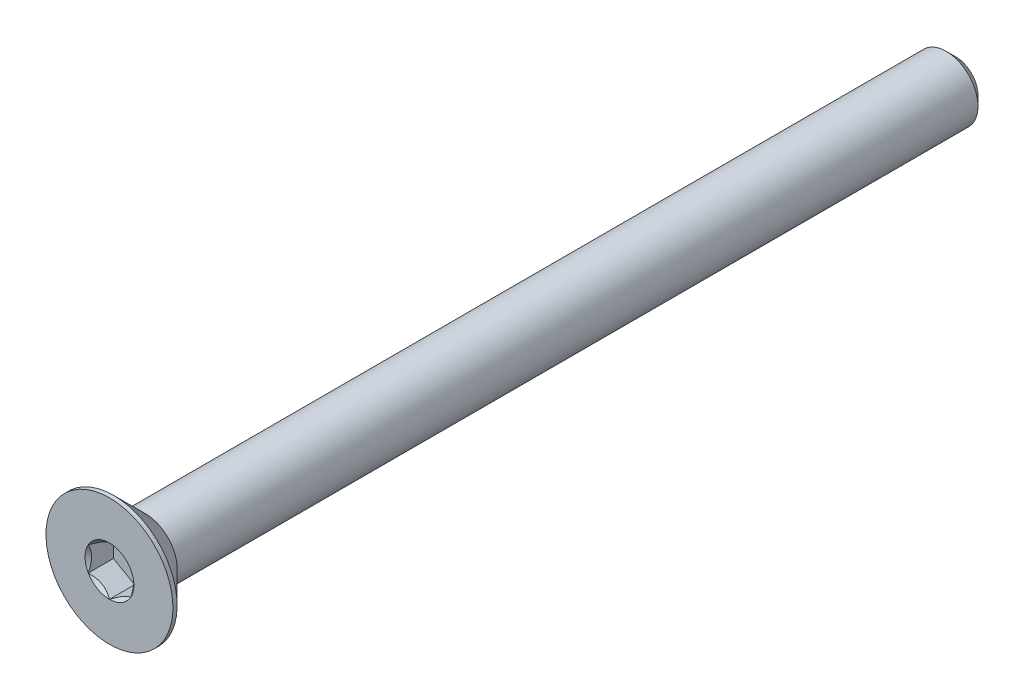
from build123d import *

# Parameters (mm, degrees)
SKETCH3_W          = 40
SKETCH3_H          = 1.5
CHAMFER1_SIZE      = 0.45
CUT_EXTRUDE1_DEPTH = 1.19


with BuildPart() as part:
    # Sketch3 → Revolve1 (revolve)
    with BuildSketch(Plane(origin=(0, 0, 0), x_dir=(0, 0, -1), z_dir=(1, 0, 0))):
        with Locations((0, 0.75)):
            Rectangle(SKETCH3_W, SKETCH3_H)
    revolve(axis=Axis((0, 0, -20), (0, 0, 1)))

    # Chamfer1
    chamfer1_edges = [part.edges().sort_by_distance(p)[0] for p in [
        (0, -1.5, -20),
    ]]
    chamfer(chamfer1_edges, length=CHAMFER1_SIZE)

    # Sketch6 → Revolve2 (revolve)
    with BuildSketch(Plane(origin=(0, 0, 0), x_dir=(0, 0, -1), z_dir=(1, 0, 0))):
        Polygon((-20, 3), (-19.8, 3), (-18.3, 1.5), (-18.3, 0), (-20, 0), align=None)
    revolve(axis=Axis((0, 0, -20), (0, 0, 1)))

    # Sketch8 → Cut-Extrude1 (cut)
    with BuildSketch(Plane.XY.offset(20)):
        Polygon((0, 1.154700538), (-1, 0.577350269), (-1, -0.577350269), (0, -1.154700538), (1, -0.577350269), (1, 0.577350269), align=None)
    extrude(amount=-CUT_EXTRUDE1_DEPTH, mode=Mode.SUBTRACT)

    # Cut-Extrude2 cone 1 section (through the dimple's axis) → Cut-Extrude2 (revolve, cut)
    with BuildSketch(Plane(origin=(0, 0, 20), x_dir=(0, -1, 0), z_dir=(1, 0, 0))):
        Polygon((0, 0), (1.154700538, 0), (0, 1.154700538), align=None)
    revolve(axis=Axis((0, 0, 20), (0, 0, -1)), mode=Mode.SUBTRACT)


solid = part.part

*What is expected*
The lines above that hold the word "SUBTRACT" should be found and copied out.

*Problem solution*
    extrude(amount=-CUT_EXTRUDE1_DEPTH, mode=Mode.SUBTRACT)
    revolve(axis=Axis((0, 0, 20), (0, 0, -1)), mode=Mode.SUBTRACT)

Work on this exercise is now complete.